Tag der Vermissten Damals und heute: Suchdienst des DRK extrem gefragt
Nach dem Zweiten Weltkrieg war der Suchdienst des Deutsche Roten Kreuzes ein Rettungsanker, um Familienangehörige wiederzufinden. Noch immer ist der Dienst gefragt. Heute hilft er auch Flüchtlingsfamilien.
Berlin (dpa) - Fast 4000 Flüchtlingsfamilien in Deutschland haben sich seit 2016 auf der Suche nach verlorenen Angehörigen an den Suchdienst des Deutschen Roten Kreuzes gewandt.
So viele Anfragen von Flüchtlingen gab es noch nie, teilte das Deutsche Rote Kreuz (DRK) am Dienstag zum Internationalen Tag der Vermissten (30. August) mit. "Krieg, Flucht und Vertreibung sind Themen, mit denen sich der Suchdienst aufgrund der vielen internationalen Krisen immer stärker beschäftigen muss", sagte DRK-Präsident Rudolf Seiters am Dienstag in Berlin. "Es sind die schwierigsten Fälle, die bei uns landen." Bei den meisten Vermissten geht es um Menschen aus Afghanistan, Syrien und Somalia.
Nach DRK-Angaben gibt es heute weltweit mehr Flüchtlinge als je zuvor seit 1945. 2016 wandten sich fast eine Million Menschen an Büros der Suchdienste des Internationalen Komitees vom Roten Kreuz. In Deutschland gingen 2016 rund 2800 Anfragen von Flüchtlingen ein. Im ersten Halbjahr 2017 waren es rund 1200 - darunter ging es fast 300 Mal um vermisste Kinder und Jugendliche. Viele Familien wurden bei ihrer oft gefährlichen Flucht über das Mittelmeer und die Balkan-Route auseinandergerissen.
In rund der Hälfte aller Fälle konnte der deutsche Suchdienst bisher weiterhelfen. Besonders schwierig macht die Arbeit trotz der digitalen Suche samt Fotos nicht nur das Fehlen genauer Geburtsdaten und -Orte, auch das Transkribieren der Namen aus dem Arabischen stellt die Teams vor Herausforderungen. Allein für den Vornamen Mohammed gebe es 70 verschiedene Schreibweisen, sagte Ronald Reimann, Vize-Leiter der Leitstelle des DRK-Suchtdienstes.

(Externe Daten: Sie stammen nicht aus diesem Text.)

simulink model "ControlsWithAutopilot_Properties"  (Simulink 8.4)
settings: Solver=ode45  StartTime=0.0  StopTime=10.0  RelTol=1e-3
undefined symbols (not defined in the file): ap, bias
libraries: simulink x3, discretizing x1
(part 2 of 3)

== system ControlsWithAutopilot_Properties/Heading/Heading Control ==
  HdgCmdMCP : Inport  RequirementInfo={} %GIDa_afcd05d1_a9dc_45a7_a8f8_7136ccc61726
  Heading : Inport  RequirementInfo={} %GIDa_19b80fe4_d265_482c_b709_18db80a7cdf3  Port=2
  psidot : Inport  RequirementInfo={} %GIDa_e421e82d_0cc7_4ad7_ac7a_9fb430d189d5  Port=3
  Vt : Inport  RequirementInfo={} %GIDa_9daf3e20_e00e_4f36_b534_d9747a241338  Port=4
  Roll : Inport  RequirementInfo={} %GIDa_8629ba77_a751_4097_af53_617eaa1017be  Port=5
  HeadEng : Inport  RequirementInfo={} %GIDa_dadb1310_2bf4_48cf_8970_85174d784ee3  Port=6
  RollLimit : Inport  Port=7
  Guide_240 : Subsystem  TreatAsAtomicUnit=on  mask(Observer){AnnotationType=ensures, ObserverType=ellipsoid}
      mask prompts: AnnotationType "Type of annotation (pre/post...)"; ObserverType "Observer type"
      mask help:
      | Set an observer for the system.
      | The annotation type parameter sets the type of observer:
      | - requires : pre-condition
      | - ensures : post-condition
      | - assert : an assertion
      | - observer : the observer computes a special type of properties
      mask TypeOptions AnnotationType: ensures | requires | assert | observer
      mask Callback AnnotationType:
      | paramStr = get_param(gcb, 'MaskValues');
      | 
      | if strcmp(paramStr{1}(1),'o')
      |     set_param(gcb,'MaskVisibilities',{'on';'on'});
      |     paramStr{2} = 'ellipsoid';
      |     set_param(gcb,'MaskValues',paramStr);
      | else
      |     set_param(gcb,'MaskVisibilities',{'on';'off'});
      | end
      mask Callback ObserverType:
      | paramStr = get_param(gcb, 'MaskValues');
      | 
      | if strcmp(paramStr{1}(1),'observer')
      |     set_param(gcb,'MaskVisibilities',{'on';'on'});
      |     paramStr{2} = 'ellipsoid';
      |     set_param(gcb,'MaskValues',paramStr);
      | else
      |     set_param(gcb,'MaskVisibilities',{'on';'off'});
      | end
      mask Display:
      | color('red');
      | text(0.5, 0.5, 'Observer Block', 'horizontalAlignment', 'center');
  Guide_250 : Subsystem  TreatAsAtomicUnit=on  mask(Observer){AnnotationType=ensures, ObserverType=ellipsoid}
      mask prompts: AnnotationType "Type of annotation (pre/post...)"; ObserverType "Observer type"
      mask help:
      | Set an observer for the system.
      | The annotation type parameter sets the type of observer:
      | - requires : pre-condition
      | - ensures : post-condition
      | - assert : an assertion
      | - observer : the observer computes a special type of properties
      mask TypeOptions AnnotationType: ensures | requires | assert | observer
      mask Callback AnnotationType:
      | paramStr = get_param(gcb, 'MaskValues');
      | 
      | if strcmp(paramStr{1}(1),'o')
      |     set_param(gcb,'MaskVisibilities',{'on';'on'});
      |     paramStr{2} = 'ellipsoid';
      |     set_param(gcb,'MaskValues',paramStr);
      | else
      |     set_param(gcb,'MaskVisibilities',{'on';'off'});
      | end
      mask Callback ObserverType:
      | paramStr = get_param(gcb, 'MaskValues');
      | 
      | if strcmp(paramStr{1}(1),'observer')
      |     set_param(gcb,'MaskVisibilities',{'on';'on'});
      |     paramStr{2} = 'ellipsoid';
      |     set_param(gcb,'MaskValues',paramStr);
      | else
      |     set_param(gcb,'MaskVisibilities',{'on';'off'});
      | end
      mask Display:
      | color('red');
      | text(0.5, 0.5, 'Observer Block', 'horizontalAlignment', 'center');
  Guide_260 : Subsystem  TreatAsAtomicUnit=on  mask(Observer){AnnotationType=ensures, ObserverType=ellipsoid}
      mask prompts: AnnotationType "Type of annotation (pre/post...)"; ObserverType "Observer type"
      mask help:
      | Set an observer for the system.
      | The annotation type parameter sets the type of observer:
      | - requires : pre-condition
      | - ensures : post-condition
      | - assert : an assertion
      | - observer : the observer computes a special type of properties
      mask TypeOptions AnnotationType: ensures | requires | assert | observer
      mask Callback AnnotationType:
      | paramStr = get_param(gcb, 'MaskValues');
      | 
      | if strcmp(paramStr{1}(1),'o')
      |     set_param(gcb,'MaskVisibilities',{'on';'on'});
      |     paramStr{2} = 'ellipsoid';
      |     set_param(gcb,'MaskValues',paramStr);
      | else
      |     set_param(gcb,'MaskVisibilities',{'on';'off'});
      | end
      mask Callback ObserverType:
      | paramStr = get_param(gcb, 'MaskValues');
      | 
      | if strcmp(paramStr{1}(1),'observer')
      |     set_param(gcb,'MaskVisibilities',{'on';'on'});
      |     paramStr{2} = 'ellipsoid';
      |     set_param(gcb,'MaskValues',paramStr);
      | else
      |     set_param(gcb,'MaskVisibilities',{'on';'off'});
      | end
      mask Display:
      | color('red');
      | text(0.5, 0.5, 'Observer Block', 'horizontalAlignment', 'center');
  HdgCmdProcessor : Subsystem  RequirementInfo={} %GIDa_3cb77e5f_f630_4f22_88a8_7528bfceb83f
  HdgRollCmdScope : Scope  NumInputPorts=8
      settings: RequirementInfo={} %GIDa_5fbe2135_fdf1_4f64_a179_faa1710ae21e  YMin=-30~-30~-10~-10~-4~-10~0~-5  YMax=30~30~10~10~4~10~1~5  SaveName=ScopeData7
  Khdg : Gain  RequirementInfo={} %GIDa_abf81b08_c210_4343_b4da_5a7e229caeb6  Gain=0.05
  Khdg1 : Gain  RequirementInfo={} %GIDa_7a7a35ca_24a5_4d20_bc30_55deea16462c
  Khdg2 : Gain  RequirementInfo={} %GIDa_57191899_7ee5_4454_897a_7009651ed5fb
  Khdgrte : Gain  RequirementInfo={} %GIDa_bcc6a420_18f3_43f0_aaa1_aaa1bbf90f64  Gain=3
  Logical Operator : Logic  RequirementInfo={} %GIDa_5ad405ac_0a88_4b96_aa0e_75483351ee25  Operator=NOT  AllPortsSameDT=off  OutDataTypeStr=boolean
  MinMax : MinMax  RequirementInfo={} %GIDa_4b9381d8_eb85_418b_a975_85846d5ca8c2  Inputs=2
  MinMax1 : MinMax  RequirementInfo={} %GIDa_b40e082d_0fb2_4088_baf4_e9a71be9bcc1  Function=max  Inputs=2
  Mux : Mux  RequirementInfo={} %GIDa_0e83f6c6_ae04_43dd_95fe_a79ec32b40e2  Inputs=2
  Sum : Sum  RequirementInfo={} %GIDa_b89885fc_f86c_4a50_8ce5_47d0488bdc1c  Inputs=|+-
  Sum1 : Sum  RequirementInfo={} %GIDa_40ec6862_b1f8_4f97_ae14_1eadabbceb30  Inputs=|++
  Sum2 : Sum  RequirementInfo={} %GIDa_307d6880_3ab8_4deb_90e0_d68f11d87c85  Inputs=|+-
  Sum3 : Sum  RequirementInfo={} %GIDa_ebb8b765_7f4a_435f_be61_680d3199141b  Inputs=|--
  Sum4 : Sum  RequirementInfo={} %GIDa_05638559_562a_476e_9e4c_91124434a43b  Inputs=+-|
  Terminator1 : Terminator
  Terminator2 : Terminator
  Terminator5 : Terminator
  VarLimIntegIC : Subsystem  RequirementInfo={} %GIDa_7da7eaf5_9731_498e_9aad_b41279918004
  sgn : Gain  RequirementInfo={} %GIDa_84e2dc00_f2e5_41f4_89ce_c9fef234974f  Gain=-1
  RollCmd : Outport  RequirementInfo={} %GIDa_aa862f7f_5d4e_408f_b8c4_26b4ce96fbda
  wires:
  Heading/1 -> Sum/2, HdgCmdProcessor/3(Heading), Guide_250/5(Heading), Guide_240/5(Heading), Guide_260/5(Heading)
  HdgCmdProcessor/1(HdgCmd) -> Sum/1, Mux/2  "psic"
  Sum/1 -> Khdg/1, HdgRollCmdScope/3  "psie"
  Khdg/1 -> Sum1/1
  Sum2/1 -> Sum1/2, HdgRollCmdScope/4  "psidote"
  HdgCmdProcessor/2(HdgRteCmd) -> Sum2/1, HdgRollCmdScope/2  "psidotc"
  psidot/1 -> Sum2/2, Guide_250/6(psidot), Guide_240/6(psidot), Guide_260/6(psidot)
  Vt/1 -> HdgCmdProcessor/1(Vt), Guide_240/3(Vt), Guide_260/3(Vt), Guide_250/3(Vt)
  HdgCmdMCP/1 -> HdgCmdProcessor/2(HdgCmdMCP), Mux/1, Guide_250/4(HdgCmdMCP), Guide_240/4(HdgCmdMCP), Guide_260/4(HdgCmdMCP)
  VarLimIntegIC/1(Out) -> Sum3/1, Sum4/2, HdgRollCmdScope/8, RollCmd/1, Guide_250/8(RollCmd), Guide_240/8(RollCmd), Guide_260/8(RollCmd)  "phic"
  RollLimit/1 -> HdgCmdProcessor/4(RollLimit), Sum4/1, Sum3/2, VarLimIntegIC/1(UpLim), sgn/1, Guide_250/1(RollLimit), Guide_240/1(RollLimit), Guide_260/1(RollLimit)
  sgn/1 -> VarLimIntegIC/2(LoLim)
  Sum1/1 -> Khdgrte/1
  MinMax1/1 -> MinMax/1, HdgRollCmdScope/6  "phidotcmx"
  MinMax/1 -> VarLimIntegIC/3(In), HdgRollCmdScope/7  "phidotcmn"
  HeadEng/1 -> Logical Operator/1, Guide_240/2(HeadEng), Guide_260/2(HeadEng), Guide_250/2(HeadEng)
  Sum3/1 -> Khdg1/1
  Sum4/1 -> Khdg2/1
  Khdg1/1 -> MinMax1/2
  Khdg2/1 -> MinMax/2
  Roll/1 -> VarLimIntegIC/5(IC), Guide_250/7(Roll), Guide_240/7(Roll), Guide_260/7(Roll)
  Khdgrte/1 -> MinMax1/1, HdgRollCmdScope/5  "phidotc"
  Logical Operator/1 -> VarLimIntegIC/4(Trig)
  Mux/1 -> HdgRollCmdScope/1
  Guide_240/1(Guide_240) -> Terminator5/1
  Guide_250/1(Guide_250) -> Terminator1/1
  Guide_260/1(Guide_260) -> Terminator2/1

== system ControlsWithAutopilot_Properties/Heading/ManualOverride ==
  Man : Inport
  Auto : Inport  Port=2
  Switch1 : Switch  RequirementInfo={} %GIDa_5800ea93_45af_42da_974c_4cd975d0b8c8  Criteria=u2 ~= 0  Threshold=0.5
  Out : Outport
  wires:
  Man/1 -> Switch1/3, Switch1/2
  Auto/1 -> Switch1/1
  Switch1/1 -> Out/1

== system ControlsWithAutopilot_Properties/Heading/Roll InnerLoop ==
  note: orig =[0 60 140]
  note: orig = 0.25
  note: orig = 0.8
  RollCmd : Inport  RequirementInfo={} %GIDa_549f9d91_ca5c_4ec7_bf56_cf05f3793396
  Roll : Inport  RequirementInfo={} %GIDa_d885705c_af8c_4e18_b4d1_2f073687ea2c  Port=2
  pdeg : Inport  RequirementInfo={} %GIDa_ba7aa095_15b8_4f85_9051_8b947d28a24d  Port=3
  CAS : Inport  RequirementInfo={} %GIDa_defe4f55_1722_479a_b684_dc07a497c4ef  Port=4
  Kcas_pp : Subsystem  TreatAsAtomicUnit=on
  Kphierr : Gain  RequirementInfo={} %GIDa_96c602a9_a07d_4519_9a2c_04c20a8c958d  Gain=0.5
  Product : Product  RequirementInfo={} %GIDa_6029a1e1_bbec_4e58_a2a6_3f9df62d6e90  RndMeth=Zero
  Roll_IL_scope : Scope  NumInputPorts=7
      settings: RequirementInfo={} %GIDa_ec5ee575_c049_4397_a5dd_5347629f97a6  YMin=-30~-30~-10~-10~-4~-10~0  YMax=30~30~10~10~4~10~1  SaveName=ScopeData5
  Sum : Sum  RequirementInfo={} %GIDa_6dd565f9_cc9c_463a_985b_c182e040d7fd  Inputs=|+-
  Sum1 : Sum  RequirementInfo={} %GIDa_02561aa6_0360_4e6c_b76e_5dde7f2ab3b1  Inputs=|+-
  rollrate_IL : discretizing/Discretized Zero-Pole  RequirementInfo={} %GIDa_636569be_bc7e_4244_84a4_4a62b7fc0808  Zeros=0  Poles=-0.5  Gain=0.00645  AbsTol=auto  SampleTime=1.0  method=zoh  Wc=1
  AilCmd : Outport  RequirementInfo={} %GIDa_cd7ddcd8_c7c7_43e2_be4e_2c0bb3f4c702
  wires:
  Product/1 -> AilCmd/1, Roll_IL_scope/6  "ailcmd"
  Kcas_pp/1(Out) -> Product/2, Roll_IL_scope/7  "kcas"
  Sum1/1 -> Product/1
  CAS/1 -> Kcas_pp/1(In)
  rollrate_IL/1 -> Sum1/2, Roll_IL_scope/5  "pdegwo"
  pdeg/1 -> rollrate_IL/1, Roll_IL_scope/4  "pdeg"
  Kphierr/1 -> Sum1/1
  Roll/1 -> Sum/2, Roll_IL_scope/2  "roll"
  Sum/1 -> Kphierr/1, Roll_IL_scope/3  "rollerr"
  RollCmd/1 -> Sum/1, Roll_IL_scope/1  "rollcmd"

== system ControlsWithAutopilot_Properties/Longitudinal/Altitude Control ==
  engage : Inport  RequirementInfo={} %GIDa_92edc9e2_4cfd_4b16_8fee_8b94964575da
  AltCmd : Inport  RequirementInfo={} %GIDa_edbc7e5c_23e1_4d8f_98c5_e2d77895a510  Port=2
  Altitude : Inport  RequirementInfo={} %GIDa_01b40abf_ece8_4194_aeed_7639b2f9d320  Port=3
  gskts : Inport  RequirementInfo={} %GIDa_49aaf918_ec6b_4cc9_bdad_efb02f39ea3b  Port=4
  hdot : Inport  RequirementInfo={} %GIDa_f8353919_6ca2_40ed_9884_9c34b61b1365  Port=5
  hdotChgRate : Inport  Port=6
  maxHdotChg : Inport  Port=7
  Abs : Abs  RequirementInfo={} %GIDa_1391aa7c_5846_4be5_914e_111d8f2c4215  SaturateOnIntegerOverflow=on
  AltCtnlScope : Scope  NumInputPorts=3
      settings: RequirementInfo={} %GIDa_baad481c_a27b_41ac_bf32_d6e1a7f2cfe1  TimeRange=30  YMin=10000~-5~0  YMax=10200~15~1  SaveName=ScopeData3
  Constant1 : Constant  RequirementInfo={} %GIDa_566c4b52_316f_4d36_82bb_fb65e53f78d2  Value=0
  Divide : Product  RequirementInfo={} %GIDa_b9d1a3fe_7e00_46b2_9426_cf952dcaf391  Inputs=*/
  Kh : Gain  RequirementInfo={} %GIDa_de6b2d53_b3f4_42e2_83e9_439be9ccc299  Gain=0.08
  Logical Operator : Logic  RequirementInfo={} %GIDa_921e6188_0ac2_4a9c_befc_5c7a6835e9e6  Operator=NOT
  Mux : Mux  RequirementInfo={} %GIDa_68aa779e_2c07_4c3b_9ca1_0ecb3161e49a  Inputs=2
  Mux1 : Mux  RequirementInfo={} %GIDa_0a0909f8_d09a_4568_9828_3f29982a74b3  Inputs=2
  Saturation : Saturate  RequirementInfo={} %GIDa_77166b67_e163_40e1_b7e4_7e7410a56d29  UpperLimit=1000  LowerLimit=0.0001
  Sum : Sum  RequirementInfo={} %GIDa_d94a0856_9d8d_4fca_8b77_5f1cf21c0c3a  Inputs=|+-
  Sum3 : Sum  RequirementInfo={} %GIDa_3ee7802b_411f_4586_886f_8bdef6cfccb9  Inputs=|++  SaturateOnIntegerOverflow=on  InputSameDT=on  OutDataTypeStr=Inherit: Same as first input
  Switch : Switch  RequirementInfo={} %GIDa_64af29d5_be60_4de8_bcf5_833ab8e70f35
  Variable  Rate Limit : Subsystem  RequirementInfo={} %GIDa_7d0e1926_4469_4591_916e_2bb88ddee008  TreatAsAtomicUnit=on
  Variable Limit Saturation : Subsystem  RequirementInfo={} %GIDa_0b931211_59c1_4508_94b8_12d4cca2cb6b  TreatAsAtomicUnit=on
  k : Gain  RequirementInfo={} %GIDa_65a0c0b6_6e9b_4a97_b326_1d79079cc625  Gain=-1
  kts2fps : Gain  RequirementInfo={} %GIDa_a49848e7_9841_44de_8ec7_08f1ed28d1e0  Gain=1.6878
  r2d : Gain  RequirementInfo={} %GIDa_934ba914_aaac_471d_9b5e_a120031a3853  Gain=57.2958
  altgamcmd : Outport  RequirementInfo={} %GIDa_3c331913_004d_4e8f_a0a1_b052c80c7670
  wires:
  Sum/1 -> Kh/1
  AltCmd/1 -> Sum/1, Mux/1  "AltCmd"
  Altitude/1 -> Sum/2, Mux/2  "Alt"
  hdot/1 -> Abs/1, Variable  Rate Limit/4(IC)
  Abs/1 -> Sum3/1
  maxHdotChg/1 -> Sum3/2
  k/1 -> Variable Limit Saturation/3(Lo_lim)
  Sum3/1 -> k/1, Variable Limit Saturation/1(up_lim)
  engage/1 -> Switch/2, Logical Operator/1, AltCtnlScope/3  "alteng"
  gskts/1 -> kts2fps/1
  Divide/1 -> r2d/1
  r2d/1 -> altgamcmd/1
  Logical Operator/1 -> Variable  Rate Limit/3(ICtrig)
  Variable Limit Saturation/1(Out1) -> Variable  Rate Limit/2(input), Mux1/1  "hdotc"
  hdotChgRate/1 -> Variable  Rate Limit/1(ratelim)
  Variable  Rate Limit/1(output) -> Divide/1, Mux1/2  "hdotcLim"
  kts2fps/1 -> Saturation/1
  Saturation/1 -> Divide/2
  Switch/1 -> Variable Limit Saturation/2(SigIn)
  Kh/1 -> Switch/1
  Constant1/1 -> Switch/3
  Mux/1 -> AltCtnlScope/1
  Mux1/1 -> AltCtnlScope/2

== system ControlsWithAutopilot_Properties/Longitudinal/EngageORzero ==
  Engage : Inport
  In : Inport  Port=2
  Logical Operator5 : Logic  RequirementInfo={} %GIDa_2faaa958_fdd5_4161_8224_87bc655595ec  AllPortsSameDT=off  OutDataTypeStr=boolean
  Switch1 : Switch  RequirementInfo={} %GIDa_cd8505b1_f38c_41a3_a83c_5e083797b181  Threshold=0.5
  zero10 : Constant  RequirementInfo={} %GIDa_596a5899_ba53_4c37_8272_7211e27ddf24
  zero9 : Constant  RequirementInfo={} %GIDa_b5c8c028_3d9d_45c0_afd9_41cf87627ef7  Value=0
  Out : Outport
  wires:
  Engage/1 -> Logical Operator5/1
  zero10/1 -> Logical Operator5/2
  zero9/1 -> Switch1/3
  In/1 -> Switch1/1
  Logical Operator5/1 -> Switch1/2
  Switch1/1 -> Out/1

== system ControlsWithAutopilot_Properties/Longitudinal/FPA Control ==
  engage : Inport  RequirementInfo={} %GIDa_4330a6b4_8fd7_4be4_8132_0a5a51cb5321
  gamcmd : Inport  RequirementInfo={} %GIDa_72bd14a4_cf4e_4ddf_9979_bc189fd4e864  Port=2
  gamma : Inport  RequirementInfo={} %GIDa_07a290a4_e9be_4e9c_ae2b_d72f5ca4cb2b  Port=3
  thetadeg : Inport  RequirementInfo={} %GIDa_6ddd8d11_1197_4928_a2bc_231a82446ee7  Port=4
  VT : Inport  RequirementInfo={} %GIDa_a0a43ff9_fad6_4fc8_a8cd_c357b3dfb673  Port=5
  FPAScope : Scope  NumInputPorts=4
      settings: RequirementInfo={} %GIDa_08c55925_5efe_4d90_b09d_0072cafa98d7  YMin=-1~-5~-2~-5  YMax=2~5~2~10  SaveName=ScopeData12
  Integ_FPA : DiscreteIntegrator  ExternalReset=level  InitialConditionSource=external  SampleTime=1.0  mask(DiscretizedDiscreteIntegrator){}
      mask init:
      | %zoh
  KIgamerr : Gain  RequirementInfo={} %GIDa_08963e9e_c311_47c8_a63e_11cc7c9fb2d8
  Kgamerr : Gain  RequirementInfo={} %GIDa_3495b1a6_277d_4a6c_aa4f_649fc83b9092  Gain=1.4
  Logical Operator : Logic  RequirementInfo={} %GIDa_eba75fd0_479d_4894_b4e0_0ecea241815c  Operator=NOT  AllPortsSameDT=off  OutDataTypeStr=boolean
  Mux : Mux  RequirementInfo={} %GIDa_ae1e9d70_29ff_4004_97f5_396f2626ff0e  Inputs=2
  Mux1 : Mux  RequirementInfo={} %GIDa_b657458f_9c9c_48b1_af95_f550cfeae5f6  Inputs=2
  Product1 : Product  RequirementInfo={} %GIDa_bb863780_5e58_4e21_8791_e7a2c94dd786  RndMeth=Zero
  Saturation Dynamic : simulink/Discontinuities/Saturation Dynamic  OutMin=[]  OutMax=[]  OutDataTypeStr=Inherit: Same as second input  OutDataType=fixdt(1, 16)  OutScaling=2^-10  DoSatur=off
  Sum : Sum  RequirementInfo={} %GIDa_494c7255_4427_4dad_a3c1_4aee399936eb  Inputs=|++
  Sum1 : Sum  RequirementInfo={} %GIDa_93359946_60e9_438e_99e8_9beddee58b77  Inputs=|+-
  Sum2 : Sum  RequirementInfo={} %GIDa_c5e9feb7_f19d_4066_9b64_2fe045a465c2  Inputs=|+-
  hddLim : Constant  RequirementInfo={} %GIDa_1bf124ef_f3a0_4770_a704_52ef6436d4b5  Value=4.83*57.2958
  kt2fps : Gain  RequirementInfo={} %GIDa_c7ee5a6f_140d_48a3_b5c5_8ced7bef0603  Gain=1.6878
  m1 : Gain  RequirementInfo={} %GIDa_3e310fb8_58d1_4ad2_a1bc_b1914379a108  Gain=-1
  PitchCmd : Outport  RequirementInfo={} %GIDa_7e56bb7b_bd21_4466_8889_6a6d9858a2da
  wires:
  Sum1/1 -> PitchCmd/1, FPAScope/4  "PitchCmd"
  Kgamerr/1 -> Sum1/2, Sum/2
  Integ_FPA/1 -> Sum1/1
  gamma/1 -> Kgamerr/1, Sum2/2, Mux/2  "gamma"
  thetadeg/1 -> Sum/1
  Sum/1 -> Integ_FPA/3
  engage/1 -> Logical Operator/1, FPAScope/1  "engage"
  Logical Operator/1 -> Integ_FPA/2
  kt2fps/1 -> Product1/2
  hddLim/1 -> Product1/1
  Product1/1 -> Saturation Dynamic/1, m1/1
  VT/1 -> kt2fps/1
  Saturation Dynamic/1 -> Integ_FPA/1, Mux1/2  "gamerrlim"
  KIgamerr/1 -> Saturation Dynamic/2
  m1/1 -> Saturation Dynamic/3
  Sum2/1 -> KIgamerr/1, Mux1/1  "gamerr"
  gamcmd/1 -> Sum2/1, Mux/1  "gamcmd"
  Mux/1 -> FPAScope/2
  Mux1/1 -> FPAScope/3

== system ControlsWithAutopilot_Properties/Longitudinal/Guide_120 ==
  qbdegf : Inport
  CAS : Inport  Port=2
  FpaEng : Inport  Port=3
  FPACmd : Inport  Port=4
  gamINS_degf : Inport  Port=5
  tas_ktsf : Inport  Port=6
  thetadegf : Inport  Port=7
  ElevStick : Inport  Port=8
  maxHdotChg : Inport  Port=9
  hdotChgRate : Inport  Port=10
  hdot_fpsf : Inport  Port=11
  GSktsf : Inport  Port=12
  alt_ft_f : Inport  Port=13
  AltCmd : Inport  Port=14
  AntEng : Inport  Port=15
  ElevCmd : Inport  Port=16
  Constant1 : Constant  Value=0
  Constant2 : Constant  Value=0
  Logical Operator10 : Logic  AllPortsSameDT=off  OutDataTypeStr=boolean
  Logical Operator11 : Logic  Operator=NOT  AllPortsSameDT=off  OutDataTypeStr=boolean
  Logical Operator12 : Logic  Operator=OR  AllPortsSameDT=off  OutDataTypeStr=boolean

Noch immer sind in Deutschland auch viele Menschen seit dem Zweiten Weltkrieg verschollen. Die Zahl der Anfragen liegt beim deutschen Suchdienst noch immer bei rund 8000 im Jahr. Mittlerweile sucht bereits die Enkelgeneration nach ihren Großeltern. Das zeige, wie sehr dieses Thema die deutsche Gesellschaft 72 Jahre nach Kriegsende noch bewege, sagte Seiters.
Die digitalisierte Kartei des Suchdienstes enthält inzwischen Informationen zu mehr als 20 Millionen Menschen. Bis Ende 2023 wird die Arbeit des Suchdienstes vom Bundesinnenministerium finanziert. Und noch immer finden nach mehr als 70 Jahren überlebende Zeitzeugen zusammen, die zum Beispiel als Kinder in den Kriegswirren getrennt wurden.